→ DATA FOR THE TASK
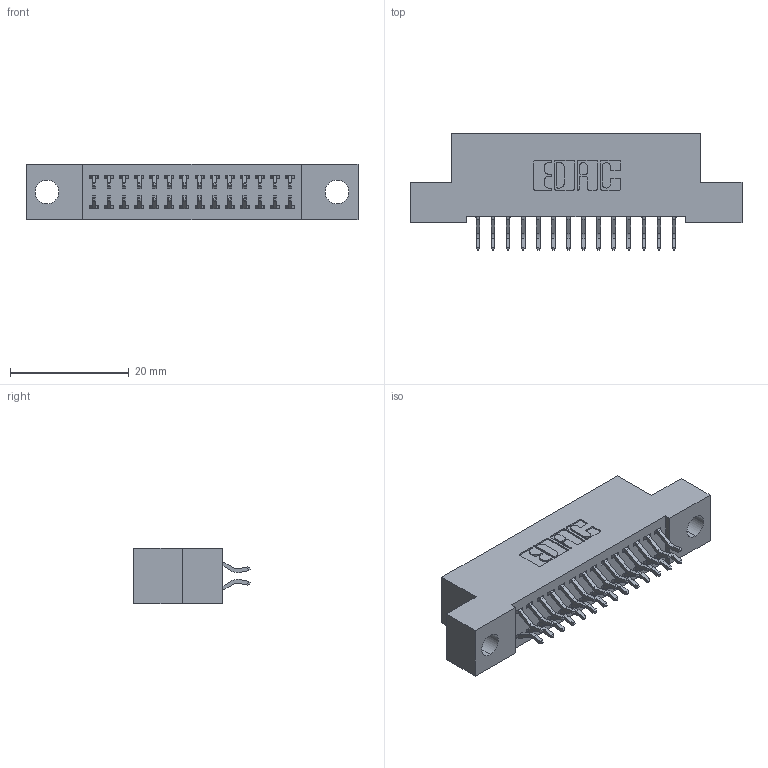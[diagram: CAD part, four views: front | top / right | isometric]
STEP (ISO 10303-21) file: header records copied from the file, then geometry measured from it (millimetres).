
FILE_DESCRIPTION (( 'STEP AP203' ), '1' );
FILE_NAME ('342-028-556-204.STEP', '2018-08-11T14:27:20', ( '' ), ( '' ), 'SwSTEP 2.0', 'SolidWorks 2016', '' );
FILE_SCHEMA (( 'CONFIG_CONTROL_DESIGN' ));
Length unit declared in the file: inch
Products named in the file (3): 342 Part_.156 TH; 345-292-001_556 Tail; 342-028-556-204
Assembly tree (29 placements, depth 2):
  342-028-556-204
    342 Part_.156 TH
    345-292-001_556 Tail  x28
Bounding box: 55.88 x 19.58 x 9.4 mm (x, y, z)
Volume: 4800.5 mm3; surface area: 6921.2 mm2
Topology: 29 solids, 29 shells, 1734 faces, 5143 edges, 3390 vertices
Faces by surface type: plane 1186, cylinder 548
Entity records: 12719 total; most frequent: CARTESIAN_POINT 2154, ORIENTED_EDGE 2078, DIRECTION 1879, EDGE_CURVE 1039, VECTOR 903, LINE 903, VERTEX_POINT 690, AXIS2_PLACEMENT_3D 488
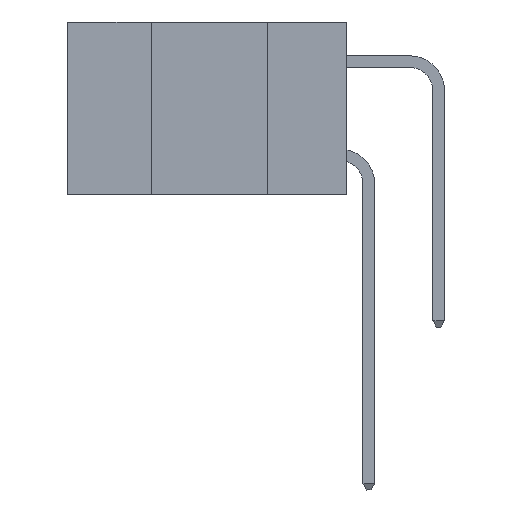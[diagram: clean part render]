
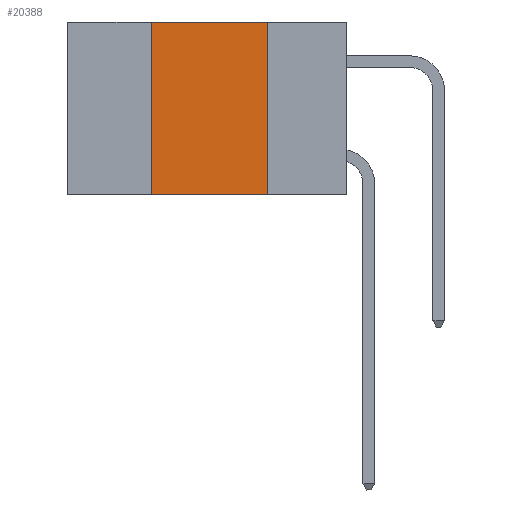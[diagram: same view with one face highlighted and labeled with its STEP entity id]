
A CAD part, left-side view. The second image highlights one B-rep face of the part: STEP entity #20388.
In plain terms, the highlighted planar face has unit normal (-1, 0, 0).
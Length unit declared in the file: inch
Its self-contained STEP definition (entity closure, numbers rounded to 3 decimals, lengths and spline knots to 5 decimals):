
#639 = CARTESIAN_POINT ( 'NONE',  ( 0., 0.6, -0.37 ) ) ;
#832 = ORIENTED_EDGE ( 'NONE', *, *, #11671, .T. ) ;
#1261 = EDGE_CURVE ( 'NONE', #21036, #9900, #4955, .T. ) ;
#1480 = LINE ( 'NONE', #10110, #19296 ) ;
#2335 = DIRECTION ( 'NONE',  ( 0., -1., 0. ) ) ;
#2779 = VECTOR ( 'NONE', #8175, 39.37008 ) ;
#2980 = EDGE_CURVE ( 'NONE', #15953, #21036, #7822, .T. ) ;
#3052 = EDGE_LOOP ( 'NONE', ( #7869, #5584, #16485, #832 ) ) ;
#3579 = DIRECTION ( 'NONE',  ( 0., -1., 0. ) ) ;
#3890 = CARTESIAN_POINT ( 'NONE',  ( 0., 0.42, -0.37 ) ) ;
#4955 = LINE ( 'NONE', #20217, #13856 ) ;
#5078 = DIRECTION ( 'NONE',  ( 0., 0., -1. ) ) ;
#5584 = ORIENTED_EDGE ( 'NONE', *, *, #1261, .F. ) ;
#5717 = AXIS2_PLACEMENT_3D ( 'NONE', #10950, #19271, #9342 ) ;
#7298 = FACE_OUTER_BOUND ( 'NONE', #3052, .T. ) ;
#7626 = PLANE ( 'NONE',  #5717 ) ;
#7822 = LINE ( 'NONE', #16492, #2779 ) ;
#7869 = ORIENTED_EDGE ( 'NONE', *, *, #15436, .F. ) ;
#8175 = DIRECTION ( 'NONE',  ( 0., 0., 1. ) ) ;
#9342 = DIRECTION ( 'NONE',  ( 0., 0., -1. ) ) ;
#9900 = VERTEX_POINT ( 'NONE', #12640 ) ;
#10110 = CARTESIAN_POINT ( 'NONE',  ( 0., 0.17, 0. ) ) ;
#10644 = VERTEX_POINT ( 'NONE', #19354 ) ;
#10950 = CARTESIAN_POINT ( 'NONE',  ( 0., 0.6, 0. ) ) ;
#11671 = EDGE_CURVE ( 'NONE', #15953, #10644, #21552, .T. ) ;
#12640 = CARTESIAN_POINT ( 'NONE',  ( 0., 0.17, 0. ) ) ;
#13856 = VECTOR ( 'NONE', #3579, 39.37008 ) ;
#15436 = EDGE_CURVE ( 'NONE', #9900, #10644, #1480, .T. ) ;
#15953 = VERTEX_POINT ( 'NONE', #3890 ) ;
#16485 = ORIENTED_EDGE ( 'NONE', *, *, #2980, .F. ) ;
#16492 = CARTESIAN_POINT ( 'NONE',  ( 0., 0.42, 0. ) ) ;
#17194 = VECTOR ( 'NONE', #2335, 39.37008 ) ;
#19271 = DIRECTION ( 'NONE',  ( 1., 0., 0. ) ) ;
#19296 = VECTOR ( 'NONE', #5078, 39.37008 ) ;
#19354 = CARTESIAN_POINT ( 'NONE',  ( 0., 0.17, -0.37 ) ) ;
#20217 = CARTESIAN_POINT ( 'NONE',  ( 0., 0.6, 0. ) ) ;
#20388 = ADVANCED_FACE ( 'NONE', ( #7298 ), #7626, .F. ) ;
#20821 = CARTESIAN_POINT ( 'NONE',  ( 0., 0.42, 0. ) ) ;
#21036 = VERTEX_POINT ( 'NONE', #20821 ) ;
#21552 = LINE ( 'NONE', #639, #17194 ) ;
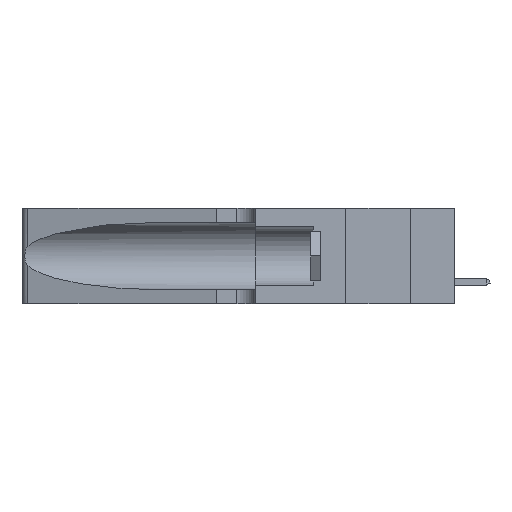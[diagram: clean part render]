
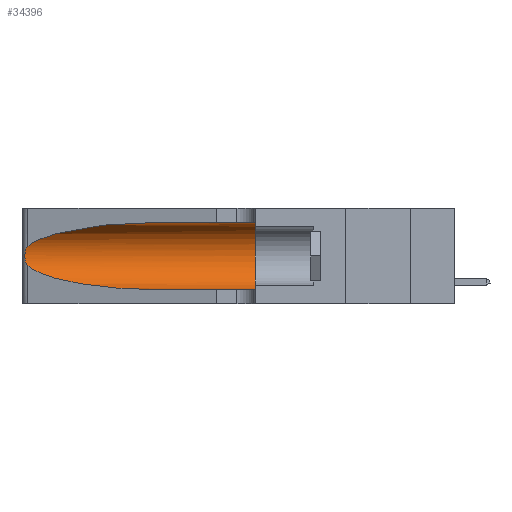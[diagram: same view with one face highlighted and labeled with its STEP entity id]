
A CAD part, left-side view. The second image highlights one B-rep face of the part: STEP entity #34396.
In plain terms, the highlighted cylindrical face has radius 3.308 mm (diameter 6.617 mm), a partial arc.
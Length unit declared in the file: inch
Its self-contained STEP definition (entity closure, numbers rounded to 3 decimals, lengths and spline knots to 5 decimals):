
#229 = CARTESIAN_POINT ( 'NONE',  ( 0.25856, 1.23593, 0.16098 ) ) ;
#303 = VECTOR ( 'NONE', #37519, 39.37008 ) ;
#324 = CYLINDRICAL_SURFACE ( 'NONE', #29400, 0.13025 ) ;
#1530 = DIRECTION ( 'NONE',  ( 0., 0., 1. ) ) ;
#1965 = CARTESIAN_POINT ( 'NONE',  ( 0.1305, 0.35, 0.185 ) ) ;
#3663 = CARTESIAN_POINT ( 'NONE',  ( 0.2373, 1.15595, 0.08982 ) ) ;
#3785 = FACE_OUTER_BOUND ( 'NONE', #31912, .T. ) ;
#3900 = VECTOR ( 'NONE', #17027, 39.37008 ) ;
#5358 = DIRECTION ( 'NONE',  ( 0., 0., -1. ) ) ;
#6356 = ORIENTED_EDGE ( 'NONE', *, *, #23001, .T. ) ;
#6630 = CARTESIAN_POINT ( 'NONE',  ( 0.25555, 1.22993, 0.14849 ) ) ;
#6876 = CARTESIAN_POINT ( 'NONE',  ( 0.25639, 1.23186, 0.15144 ) ) ;
#7053 = CARTESIAN_POINT ( 'NONE',  ( 0.1305, 0.35, 0.05475 ) ) ;
#10797 = ORIENTED_EDGE ( 'NONE', *, *, #33167, .F. ) ;
#10807 = CARTESIAN_POINT ( 'NONE',  ( 0.1305, 1.61858, 0.185 ) ) ;
#12076 = CARTESIAN_POINT ( 'NONE',  ( 0.1305, 0.72297, 0.31525 ) ) ;
#12493 = CARTESIAN_POINT ( 'NONE',  ( 0.1305, 1.61858, 0.05475 ) ) ;
#12624 =( BOUNDED_CURVE ( )  B_SPLINE_CURVE ( 3, ( #22804, #3663, #29200, #19420 ),
 .UNSPECIFIED., .F., .T. ) 
 B_SPLINE_CURVE_WITH_KNOTS ( ( 4, 4 ),
 ( 3.44316, 4.71239 ),
 .UNSPECIFIED. ) 
 CURVE ( )  GEOMETRIC_REPRESENTATION_ITEM ( )  RATIONAL_B_SPLINE_CURVE ( ( 1., 0.87, 0.87, 1. ) ) 
 REPRESENTATION_ITEM ( '' )  );
#12750 = CARTESIAN_POINT ( 'NONE',  ( 0.26018, 1.23835, 0.19895 ) ) ;
#14230 = DIRECTION ( 'NONE',  ( 0., -1., 0. ) ) ;
#15200 = VERTEX_POINT ( 'NONE', #7053 ) ;
#15527 = VERTEX_POINT ( 'NONE', #16512 ) ;
#15973 = CARTESIAN_POINT ( 'NONE',  ( 0.25787, 1.23484, 0.2124 ) ) ;
#16105 = CARTESIAN_POINT ( 'NONE',  ( 0.25639, 1.23184, 0.21858 ) ) ;
#16512 = CARTESIAN_POINT ( 'NONE',  ( 0.25487, 1.22718, 0.14631 ) ) ;
#16944 =( BOUNDED_CURVE ( )  B_SPLINE_CURVE ( 3, ( #12076, #30812, #30943, #18503 ),
 .UNSPECIFIED., .F., .T. ) 
 B_SPLINE_CURVE_WITH_KNOTS ( ( 4, 4 ),
 ( 1.5708, 2.84003 ),
 .UNSPECIFIED. ) 
 CURVE ( )  GEOMETRIC_REPRESENTATION_ITEM ( )  RATIONAL_B_SPLINE_CURVE ( ( 1., 0.87, 0.87, 1. ) ) 
 REPRESENTATION_ITEM ( '' )  );
#17027 = DIRECTION ( 'NONE',  ( 0., -1., 0. ) ) ;
#17238 = VERTEX_POINT ( 'NONE', #30202 ) ;
#17324 = ORIENTED_EDGE ( 'NONE', *, *, #37953, .T. ) ;
#17702 = CARTESIAN_POINT ( 'NONE',  ( 0.1305, 0.72297, 0.31525 ) ) ;
#17947 = VERTEX_POINT ( 'NONE', #17702 ) ;
#18451 = ORIENTED_EDGE ( 'NONE', *, *, #41031, .T. ) ;
#18503 = CARTESIAN_POINT ( 'NONE',  ( 0.25487, 1.22718, 0.22369 ) ) ;
#19320 = CARTESIAN_POINT ( 'NONE',  ( 0.26075, 1.23896, 0.178 ) ) ;
#19420 = CARTESIAN_POINT ( 'NONE',  ( 0.1305, 0.72297, 0.05475 ) ) ;
#19603 = CARTESIAN_POINT ( 'NONE',  ( 0.26017, 1.23833, 0.17102 ) ) ;
#21974 = LINE ( 'NONE', #23085, #3900 ) ;
#22437 = CARTESIAN_POINT ( 'NONE',  ( 0.25487, 1.22718, 0.14631 ) ) ;
#22804 = CARTESIAN_POINT ( 'NONE',  ( 0.25487, 1.22718, 0.14631 ) ) ;
#23001 = EDGE_CURVE ( 'NONE', #24062, #15200, #37793, .T. ) ;
#23085 = CARTESIAN_POINT ( 'NONE',  ( 0.1305, 1.61858, 0.31525 ) ) ;
#23433 = CIRCLE ( 'NONE', #36046, 0.13025 ) ;
#24062 = VERTEX_POINT ( 'NONE', #31674 ) ;
#24987 = CARTESIAN_POINT ( 'NONE',  ( 0.1305, 0.35, 0.31525 ) ) ;
#25567 = ORIENTED_EDGE ( 'NONE', *, *, #39936, .T. ) ;
#25664 = CARTESIAN_POINT ( 'NONE',  ( 0.26075, 1.23896, 0.19203 ) ) ;
#28116 = EDGE_CURVE ( 'NONE', #17947, #39254, #21974, .T. ) ;
#28693 = CARTESIAN_POINT ( 'NONE',  ( 0.25487, 1.22718, 0.22369 ) ) ;
#29200 = CARTESIAN_POINT ( 'NONE',  ( 0.18966, 0.96281, 0.05475 ) ) ;
#29400 = AXIS2_PLACEMENT_3D ( 'NONE', #10807, #14230, #5358 ) ;
#30202 = CARTESIAN_POINT ( 'NONE',  ( 0.25487, 1.22718, 0.22369 ) ) ;
#30812 = CARTESIAN_POINT ( 'NONE',  ( 0.18966, 0.96281, 0.31525 ) ) ;
#30943 = CARTESIAN_POINT ( 'NONE',  ( 0.2373, 1.15595, 0.28018 ) ) ;
#31674 = CARTESIAN_POINT ( 'NONE',  ( 0.1305, 0.72297, 0.05475 ) ) ;
#31912 = EDGE_LOOP ( 'NONE', ( #17324, #18451, #25567, #6356, #10797, #34659 ) ) ;
#33112 = B_SPLINE_CURVE_WITH_KNOTS ( 'NONE', 3,
 ( #28693, #38742, #16105, #15973, #38467, #12750, #25664, #19320, #19603, #229, #38344, #6876, #6630, #22437 ),
 .UNSPECIFIED., .F., .F.,
 ( 4, 2, 2, 2, 2, 2, 4 ),
 ( 0., 0.00027, 0.00053, 0.00107, 0.0016, 0.00187, 0.00214 ),
 .UNSPECIFIED. ) ;
#33167 = EDGE_CURVE ( 'NONE', #39254, #15200, #23433, .T. ) ;
#33620 = DIRECTION ( 'NONE',  ( 0., 1., 0. ) ) ;
#34396 = ADVANCED_FACE ( 'NONE', ( #3785 ), #324, .F. ) ;
#34659 = ORIENTED_EDGE ( 'NONE', *, *, #28116, .F. ) ;
#36046 = AXIS2_PLACEMENT_3D ( 'NONE', #1965, #33620, #1530 ) ;
#37519 = DIRECTION ( 'NONE',  ( 0., -1., 0. ) ) ;
#37793 = LINE ( 'NONE', #12493, #303 ) ;
#37953 = EDGE_CURVE ( 'NONE', #17947, #17238, #16944, .T. ) ;
#38344 = CARTESIAN_POINT ( 'NONE',  ( 0.25789, 1.23486, 0.15765 ) ) ;
#38467 = CARTESIAN_POINT ( 'NONE',  ( 0.25854, 1.2359, 0.20912 ) ) ;
#38742 = CARTESIAN_POINT ( 'NONE',  ( 0.25555, 1.22994, 0.2215 ) ) ;
#39254 = VERTEX_POINT ( 'NONE', #24987 ) ;
#39936 = EDGE_CURVE ( 'NONE', #15527, #24062, #12624, .T. ) ;
#41031 = EDGE_CURVE ( 'NONE', #17238, #15527, #33112, .T. ) ;

→ PROBLEM DETAILS
Please output only the lines from the one holding "#6876, #6630, #22437" to the end of the records, first and last included, exactly as they appear.

→ ANSWER FOR THE TASK
 ( #28693, #38742, #16105, #15973, #38467, #12750, #25664, #19320, #19603, #229, #38344, #6876, #6630, #22437 ),
 .UNSPECIFIED., .F., .F.,
 ( 4, 2, 2, 2, 2, 2, 4 ),
 ( 0., 0.00027, 0.00053, 0.00107, 0.0016, 0.00187, 0.00214 ),
 .UNSPECIFIED. ) ;
#33167 = EDGE_CURVE ( 'NONE', #39254, #15200, #23433, .T. ) ;
#33620 = DIRECTION ( 'NONE',  ( 0., 1., 0. ) ) ;
#34396 = ADVANCED_FACE ( 'NONE', ( #3785 ), #324, .F. ) ;
#34659 = ORIENTED_EDGE ( 'NONE', *, *, #28116, .F. ) ;
#36046 = AXIS2_PLACEMENT_3D ( 'NONE', #1965, #33620, #1530 ) ;
#37519 = DIRECTION ( 'NONE',  ( 0., -1., 0. ) ) ;
#37793 = LINE ( 'NONE', #12493, #303 ) ;
#37953 = EDGE_CURVE ( 'NONE', #17947, #17238, #16944, .T. ) ;
#38344 = CARTESIAN_POINT ( 'NONE',  ( 0.25789, 1.23486, 0.15765 ) ) ;
#38467 = CARTESIAN_POINT ( 'NONE',  ( 0.25854, 1.2359, 0.20912 ) ) ;
#38742 = CARTESIAN_POINT ( 'NONE',  ( 0.25555, 1.22994, 0.2215 ) ) ;
#39254 = VERTEX_POINT ( 'NONE', #24987 ) ;
#39936 = EDGE_CURVE ( 'NONE', #15527, #24062, #12624, .T. ) ;
#41031 = EDGE_CURVE ( 'NONE', #17238, #15527, #33112, .T. ) ;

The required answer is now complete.